Mesajımın üstünden yaklaşık beş dakika geçmesine rağmen geri dönmeyince meraklanmaya başladım.

Jerrie : Ellie nerdesin, iyi misin hayatım?

Nasıl olsa döner diye düşünerek telefonu masaya bırakıp derse odaklanmıştım.

...

Bir saat süren ders sonunda sonlandı ve telefonumu alıp Ellie'den gelen mesaja baktım.

*1 yeni okunmamış mesaj*

Ellie : İyiyim kafeteryadayım. (10.29)

Daha fazla beklemeyerek çantamı toplayıp kafeteryaya gitmek için adımladım. Tam kapıdan çıkıyordum ki Zayn seslenmişti.

"Jerrie bir bakabilir misin?"

Kardeşimi üzdüğü için her ne kadar nefret ediyor olsam da belki önemli bir şey vardır diyerek ve de öğretmenim olduğunu hatırlayarak yanına doğru ilerledim.

"Tabi buyurun."

"İki dakikanı alacağım. Odama gelir misin anlatmam gerekenler var."

"Peki..."

Amfiden çıkıp odasına doğru yol aldık. Odadan içeriye girer girmez ileri geri yürümeye başladı. Sıkıntılı bir durum olduğu belliydi.

"Bir sorun mu var Zayn?"

"Evet, hemde çok büyük bir sıkıntı var. Sana anlatmayı planlamıyordum ama içim içimi yiyor ve artık dayanamıyorum."

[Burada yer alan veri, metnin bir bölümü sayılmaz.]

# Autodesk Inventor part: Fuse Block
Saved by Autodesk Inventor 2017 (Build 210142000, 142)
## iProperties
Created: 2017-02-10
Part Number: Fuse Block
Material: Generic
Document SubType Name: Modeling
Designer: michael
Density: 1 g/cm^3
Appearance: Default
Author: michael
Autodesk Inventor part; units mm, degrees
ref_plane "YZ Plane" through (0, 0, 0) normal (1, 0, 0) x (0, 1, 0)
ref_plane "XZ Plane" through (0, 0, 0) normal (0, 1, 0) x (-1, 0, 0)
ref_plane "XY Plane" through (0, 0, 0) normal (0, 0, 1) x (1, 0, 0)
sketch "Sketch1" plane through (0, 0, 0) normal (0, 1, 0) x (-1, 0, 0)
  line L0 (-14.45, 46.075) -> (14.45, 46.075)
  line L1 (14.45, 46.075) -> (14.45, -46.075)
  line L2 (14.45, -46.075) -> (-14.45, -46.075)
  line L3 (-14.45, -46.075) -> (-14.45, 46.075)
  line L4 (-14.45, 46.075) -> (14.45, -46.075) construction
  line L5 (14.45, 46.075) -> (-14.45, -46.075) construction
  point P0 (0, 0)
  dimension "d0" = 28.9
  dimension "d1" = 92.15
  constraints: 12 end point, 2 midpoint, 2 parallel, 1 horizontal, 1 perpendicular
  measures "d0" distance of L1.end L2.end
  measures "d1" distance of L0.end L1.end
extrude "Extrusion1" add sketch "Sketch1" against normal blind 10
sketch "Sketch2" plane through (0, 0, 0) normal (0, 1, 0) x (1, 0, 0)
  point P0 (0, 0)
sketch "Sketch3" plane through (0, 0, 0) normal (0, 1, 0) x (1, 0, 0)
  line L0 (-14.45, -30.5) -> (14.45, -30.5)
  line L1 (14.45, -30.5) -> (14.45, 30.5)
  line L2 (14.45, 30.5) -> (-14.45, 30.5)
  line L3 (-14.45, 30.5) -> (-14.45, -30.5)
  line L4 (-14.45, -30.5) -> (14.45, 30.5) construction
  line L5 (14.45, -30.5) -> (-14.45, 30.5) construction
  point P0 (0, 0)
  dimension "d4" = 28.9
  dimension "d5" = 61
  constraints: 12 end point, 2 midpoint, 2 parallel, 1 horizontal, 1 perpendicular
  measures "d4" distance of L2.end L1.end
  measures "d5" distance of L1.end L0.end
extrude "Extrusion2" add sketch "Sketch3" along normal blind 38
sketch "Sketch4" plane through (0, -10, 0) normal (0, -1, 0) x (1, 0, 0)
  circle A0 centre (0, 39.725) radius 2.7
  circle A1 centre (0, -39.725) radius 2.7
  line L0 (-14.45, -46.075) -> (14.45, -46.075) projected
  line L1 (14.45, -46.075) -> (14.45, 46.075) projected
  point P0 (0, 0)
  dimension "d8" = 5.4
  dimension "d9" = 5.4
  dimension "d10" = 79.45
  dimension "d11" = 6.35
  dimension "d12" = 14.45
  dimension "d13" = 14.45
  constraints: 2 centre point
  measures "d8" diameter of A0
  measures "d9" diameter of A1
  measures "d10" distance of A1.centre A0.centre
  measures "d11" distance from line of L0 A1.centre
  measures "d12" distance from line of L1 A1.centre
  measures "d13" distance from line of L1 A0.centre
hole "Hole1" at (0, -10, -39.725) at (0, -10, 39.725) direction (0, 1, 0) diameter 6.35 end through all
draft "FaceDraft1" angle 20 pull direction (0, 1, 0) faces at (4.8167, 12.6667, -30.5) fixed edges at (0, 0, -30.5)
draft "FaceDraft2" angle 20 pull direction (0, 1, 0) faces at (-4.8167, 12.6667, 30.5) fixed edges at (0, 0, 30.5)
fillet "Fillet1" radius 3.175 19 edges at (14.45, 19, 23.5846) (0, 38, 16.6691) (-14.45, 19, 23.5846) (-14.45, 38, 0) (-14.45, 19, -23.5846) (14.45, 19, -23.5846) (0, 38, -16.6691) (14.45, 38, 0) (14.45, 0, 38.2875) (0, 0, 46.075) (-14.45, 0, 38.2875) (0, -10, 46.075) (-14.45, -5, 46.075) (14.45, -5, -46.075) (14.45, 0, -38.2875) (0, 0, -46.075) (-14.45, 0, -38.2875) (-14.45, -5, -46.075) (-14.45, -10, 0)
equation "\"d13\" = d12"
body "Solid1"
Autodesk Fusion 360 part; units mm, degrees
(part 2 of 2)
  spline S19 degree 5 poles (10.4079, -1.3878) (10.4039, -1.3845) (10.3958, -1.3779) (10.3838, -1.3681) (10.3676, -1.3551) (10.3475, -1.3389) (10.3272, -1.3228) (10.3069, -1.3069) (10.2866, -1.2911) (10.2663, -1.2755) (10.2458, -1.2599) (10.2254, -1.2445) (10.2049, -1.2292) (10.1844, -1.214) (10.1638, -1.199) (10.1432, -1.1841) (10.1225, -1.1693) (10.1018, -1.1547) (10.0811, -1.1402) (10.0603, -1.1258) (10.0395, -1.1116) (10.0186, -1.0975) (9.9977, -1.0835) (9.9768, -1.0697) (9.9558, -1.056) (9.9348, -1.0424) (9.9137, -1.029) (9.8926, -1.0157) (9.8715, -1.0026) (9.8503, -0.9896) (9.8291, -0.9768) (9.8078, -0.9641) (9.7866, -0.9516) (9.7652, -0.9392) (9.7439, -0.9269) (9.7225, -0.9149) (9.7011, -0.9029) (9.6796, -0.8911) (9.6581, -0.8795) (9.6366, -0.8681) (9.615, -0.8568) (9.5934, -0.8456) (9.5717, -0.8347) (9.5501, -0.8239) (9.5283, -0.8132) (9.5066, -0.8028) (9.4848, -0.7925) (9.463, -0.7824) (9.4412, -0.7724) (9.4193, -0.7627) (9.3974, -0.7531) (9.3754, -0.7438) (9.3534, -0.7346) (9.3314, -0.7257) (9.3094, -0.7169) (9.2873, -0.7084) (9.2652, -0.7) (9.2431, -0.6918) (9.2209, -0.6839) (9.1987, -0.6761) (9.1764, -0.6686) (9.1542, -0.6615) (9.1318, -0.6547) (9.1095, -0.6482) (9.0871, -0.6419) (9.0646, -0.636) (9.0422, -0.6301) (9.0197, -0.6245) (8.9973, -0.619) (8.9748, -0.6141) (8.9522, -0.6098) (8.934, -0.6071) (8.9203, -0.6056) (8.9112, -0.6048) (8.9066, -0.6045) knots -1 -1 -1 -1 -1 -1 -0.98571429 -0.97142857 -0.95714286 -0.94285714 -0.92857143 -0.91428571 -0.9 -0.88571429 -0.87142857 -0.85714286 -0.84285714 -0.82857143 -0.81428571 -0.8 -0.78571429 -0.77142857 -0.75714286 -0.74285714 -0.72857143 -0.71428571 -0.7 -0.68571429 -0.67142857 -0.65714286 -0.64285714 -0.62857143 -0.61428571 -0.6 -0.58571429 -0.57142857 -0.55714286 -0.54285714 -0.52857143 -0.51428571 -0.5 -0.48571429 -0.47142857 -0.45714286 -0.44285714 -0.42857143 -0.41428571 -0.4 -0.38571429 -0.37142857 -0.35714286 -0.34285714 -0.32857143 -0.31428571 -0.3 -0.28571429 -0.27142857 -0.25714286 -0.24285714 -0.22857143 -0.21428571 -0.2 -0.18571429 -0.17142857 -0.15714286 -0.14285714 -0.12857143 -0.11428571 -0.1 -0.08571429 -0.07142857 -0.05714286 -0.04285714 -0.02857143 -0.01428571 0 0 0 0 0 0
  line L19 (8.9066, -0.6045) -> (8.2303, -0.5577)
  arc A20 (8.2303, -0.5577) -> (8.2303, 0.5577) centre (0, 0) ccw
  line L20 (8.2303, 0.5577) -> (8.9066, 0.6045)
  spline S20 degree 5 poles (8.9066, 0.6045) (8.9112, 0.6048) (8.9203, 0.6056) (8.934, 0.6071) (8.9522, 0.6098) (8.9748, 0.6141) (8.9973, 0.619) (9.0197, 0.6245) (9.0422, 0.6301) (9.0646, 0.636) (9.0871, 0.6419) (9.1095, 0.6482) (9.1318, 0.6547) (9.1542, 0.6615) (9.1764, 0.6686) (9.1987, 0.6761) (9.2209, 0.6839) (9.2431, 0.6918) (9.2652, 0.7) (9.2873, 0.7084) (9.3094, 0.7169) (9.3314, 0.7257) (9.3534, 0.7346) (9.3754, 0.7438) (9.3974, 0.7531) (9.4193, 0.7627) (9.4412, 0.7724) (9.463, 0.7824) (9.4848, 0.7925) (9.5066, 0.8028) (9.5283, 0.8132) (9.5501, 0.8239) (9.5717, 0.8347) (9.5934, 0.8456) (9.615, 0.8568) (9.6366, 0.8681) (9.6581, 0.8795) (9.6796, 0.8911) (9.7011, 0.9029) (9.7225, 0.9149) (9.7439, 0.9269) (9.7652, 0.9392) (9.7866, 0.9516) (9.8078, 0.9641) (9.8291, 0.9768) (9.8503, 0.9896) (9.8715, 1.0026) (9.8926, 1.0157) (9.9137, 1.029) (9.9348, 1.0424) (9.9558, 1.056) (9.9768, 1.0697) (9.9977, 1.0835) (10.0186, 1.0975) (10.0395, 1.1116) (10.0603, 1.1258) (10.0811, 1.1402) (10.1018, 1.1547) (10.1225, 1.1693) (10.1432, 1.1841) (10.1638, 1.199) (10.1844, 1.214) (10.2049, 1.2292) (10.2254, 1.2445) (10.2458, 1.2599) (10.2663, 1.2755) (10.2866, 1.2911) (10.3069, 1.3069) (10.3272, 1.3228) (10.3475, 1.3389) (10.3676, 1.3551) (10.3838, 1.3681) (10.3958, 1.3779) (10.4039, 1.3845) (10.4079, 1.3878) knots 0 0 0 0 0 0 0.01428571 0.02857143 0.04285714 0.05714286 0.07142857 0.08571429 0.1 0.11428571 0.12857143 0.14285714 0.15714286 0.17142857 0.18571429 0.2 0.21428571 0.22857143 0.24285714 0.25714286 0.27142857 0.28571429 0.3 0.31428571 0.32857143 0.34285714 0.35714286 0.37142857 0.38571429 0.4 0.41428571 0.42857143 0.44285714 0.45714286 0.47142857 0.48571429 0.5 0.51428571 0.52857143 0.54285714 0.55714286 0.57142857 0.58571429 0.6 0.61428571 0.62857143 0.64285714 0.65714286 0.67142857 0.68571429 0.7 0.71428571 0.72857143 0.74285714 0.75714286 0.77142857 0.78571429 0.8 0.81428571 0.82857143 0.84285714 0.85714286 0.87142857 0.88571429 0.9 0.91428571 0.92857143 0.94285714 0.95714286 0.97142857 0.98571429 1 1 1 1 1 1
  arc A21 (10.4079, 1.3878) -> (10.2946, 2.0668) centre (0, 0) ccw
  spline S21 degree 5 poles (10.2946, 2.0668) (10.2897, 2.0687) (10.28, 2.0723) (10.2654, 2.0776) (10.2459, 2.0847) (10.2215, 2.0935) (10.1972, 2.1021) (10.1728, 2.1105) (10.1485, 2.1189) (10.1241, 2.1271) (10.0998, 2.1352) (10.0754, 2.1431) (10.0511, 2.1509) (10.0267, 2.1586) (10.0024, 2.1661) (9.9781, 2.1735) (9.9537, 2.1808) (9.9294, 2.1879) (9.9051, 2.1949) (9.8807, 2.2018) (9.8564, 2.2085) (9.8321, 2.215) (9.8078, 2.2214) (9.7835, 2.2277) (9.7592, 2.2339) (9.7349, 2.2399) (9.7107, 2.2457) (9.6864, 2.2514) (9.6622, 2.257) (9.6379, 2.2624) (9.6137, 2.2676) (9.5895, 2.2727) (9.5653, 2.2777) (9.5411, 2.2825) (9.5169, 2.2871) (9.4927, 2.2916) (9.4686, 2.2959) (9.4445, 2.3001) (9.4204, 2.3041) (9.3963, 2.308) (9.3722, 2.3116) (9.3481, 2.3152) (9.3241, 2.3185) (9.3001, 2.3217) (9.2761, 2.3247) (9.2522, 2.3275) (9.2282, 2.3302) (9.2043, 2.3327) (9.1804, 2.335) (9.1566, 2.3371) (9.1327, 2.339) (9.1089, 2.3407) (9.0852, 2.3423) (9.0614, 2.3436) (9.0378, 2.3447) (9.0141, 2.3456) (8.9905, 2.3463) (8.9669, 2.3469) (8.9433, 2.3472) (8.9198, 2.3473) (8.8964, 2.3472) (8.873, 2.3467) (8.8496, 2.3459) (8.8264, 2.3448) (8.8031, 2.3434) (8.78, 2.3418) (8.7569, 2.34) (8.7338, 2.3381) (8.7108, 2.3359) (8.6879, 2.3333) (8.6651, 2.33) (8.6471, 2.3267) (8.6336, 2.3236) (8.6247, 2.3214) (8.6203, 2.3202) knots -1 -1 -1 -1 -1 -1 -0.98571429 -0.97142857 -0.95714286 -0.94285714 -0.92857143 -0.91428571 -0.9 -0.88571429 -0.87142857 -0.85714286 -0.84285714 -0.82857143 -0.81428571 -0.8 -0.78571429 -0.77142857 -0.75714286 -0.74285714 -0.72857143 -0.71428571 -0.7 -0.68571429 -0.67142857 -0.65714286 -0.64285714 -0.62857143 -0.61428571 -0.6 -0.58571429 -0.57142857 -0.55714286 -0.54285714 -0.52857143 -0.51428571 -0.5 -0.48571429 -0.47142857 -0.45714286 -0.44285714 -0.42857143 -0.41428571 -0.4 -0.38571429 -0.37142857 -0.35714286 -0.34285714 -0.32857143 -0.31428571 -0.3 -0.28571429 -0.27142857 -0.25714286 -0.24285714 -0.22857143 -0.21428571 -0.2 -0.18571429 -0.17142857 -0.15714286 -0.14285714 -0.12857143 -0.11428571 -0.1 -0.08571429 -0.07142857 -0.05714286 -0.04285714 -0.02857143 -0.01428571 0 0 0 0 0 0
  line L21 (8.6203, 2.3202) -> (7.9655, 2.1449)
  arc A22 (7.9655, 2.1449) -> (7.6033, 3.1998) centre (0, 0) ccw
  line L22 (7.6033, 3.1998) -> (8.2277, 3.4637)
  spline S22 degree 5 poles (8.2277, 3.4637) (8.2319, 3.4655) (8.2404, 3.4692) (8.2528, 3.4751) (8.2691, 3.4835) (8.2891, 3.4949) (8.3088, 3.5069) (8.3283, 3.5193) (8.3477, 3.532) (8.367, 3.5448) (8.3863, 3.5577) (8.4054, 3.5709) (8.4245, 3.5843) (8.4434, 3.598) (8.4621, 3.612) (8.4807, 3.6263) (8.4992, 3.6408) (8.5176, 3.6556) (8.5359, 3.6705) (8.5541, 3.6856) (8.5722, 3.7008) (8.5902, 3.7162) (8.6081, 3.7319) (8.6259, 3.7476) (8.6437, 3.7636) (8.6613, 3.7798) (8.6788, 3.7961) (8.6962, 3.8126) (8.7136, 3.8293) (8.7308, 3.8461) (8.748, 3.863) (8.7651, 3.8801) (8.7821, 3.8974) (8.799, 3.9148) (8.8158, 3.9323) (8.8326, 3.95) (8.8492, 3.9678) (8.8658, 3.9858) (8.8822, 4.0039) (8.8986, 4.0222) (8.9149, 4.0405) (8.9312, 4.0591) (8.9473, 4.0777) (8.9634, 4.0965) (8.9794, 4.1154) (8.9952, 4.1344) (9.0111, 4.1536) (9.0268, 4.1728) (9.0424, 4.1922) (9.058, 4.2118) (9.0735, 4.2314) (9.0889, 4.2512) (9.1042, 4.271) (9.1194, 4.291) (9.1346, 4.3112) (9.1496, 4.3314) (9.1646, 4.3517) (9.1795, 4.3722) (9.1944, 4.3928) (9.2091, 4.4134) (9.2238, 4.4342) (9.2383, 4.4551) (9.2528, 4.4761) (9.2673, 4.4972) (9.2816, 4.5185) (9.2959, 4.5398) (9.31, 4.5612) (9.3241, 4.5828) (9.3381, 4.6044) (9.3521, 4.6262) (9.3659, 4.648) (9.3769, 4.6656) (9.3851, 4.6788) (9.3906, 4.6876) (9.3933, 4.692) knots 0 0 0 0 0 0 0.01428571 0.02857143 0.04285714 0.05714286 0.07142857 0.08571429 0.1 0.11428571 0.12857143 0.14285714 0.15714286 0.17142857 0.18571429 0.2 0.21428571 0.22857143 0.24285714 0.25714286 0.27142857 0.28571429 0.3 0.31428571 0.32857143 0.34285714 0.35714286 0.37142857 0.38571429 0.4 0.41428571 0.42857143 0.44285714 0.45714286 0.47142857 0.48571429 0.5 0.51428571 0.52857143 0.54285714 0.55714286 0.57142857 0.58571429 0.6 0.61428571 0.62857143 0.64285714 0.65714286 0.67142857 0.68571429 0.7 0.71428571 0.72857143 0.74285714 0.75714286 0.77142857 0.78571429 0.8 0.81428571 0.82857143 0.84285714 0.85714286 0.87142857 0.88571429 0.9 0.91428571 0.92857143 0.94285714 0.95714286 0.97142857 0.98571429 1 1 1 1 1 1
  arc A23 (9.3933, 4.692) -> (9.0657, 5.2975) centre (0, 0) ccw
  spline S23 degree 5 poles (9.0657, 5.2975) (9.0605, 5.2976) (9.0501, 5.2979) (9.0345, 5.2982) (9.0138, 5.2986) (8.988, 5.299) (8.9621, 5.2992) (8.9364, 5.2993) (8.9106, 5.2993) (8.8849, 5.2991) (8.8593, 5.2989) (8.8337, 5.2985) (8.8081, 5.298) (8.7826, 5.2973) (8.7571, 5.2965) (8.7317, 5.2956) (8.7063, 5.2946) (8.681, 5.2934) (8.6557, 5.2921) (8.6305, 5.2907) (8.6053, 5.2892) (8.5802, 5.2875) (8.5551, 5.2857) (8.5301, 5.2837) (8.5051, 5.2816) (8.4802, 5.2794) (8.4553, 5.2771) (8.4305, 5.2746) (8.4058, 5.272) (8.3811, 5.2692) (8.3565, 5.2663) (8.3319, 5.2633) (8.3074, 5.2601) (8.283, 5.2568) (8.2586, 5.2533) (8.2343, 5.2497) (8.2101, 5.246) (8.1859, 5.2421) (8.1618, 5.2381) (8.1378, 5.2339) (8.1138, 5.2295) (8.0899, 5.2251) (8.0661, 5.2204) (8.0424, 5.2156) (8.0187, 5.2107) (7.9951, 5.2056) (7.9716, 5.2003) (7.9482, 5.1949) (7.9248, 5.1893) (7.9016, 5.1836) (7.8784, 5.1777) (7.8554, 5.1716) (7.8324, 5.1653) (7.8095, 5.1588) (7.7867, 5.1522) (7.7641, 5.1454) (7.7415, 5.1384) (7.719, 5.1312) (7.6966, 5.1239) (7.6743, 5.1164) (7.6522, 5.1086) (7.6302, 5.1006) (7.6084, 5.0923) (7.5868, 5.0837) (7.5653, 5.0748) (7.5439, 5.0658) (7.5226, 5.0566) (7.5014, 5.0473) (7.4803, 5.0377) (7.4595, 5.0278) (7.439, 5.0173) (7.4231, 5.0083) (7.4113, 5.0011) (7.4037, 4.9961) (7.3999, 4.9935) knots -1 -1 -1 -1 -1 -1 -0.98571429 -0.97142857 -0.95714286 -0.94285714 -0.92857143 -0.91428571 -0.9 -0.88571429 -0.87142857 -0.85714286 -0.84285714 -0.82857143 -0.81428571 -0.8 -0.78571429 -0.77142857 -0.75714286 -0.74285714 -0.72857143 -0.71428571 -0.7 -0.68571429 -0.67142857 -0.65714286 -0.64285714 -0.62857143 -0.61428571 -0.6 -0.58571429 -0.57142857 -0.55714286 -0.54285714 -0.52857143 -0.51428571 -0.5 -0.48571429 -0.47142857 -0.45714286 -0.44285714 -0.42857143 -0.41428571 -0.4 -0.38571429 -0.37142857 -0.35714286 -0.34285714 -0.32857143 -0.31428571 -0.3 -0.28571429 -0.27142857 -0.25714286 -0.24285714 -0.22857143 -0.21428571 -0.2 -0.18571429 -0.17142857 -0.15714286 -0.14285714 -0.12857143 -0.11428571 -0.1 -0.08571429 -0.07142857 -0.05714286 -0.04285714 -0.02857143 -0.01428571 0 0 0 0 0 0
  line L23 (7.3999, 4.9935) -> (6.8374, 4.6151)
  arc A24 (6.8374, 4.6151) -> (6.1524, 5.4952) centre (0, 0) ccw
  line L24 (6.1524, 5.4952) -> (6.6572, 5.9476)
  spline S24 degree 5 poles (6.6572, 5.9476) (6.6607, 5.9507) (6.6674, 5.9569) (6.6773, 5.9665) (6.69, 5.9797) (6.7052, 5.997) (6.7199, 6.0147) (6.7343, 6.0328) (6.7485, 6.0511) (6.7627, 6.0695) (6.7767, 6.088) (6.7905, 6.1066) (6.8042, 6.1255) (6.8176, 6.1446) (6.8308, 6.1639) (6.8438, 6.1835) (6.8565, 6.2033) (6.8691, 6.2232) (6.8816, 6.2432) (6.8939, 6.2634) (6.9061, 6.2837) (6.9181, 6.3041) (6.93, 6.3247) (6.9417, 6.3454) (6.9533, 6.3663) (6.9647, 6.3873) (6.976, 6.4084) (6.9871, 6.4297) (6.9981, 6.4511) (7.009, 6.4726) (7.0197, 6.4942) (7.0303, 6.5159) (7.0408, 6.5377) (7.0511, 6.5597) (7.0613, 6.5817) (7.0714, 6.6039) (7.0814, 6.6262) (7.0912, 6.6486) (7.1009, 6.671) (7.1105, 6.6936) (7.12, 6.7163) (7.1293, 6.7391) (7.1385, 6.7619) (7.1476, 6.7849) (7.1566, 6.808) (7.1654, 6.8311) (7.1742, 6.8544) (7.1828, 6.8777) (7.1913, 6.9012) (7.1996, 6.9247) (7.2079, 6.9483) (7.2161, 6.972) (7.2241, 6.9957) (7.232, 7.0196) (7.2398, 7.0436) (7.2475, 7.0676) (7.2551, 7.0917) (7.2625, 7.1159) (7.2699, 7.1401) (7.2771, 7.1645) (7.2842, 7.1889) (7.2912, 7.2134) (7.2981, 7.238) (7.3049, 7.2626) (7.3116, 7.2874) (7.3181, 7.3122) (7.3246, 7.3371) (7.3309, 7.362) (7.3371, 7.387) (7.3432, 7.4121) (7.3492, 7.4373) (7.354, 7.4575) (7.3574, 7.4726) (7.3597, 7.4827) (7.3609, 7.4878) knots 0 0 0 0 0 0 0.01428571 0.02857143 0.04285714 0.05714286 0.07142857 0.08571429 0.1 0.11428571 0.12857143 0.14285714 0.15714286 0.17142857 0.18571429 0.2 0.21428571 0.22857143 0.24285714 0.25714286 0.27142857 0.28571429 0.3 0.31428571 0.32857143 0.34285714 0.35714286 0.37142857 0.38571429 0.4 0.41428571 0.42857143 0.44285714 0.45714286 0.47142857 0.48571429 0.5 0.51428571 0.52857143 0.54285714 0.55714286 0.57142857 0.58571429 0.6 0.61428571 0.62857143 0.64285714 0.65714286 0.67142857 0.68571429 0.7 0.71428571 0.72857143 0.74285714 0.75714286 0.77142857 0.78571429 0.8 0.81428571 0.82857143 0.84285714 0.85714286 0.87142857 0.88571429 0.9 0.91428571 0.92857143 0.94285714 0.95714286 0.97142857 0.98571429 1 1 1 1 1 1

Söyledikleriyle gittikçe merakım artıyordu.

"Anlattıklarımın aramızda kalacağına söz verebilir misin?"

Sorduğu soruyla benden yanıt beklercesine baktı.

"Tabi, söz veriyorum."

"Tamam öyleyse... Ellie'den ayrıldığım günün sabahı derse geç gelmiştim hatırlıyor musun?"

"Evet hatırlıyorum, ilk derse geç gelişindi hatta."

"Evet... Nasıl oldu bilmiyorum ama birisi Dekana, Ellie'yle benim yakın bir fotoğrafımı atmış. Biliyorsun okulda bu tür ilişkilere pek sıcak bakmıyor. Üstelik dersinizin tek sorumlu olduğu profesör ben olduğum için torpil olayları yüzünden dedikodu çıkar ve okulun ismi zedelenir diye beni yanına çağırdı. Hatta o yüzden geç kaldım. Ellie'den ayrılmamı istedi, bu durumun imkansız olduğunu ve ayrılmayacağımı söyledim. Bu sefer beni Ellie üzerinden tehdit etmeye başladı."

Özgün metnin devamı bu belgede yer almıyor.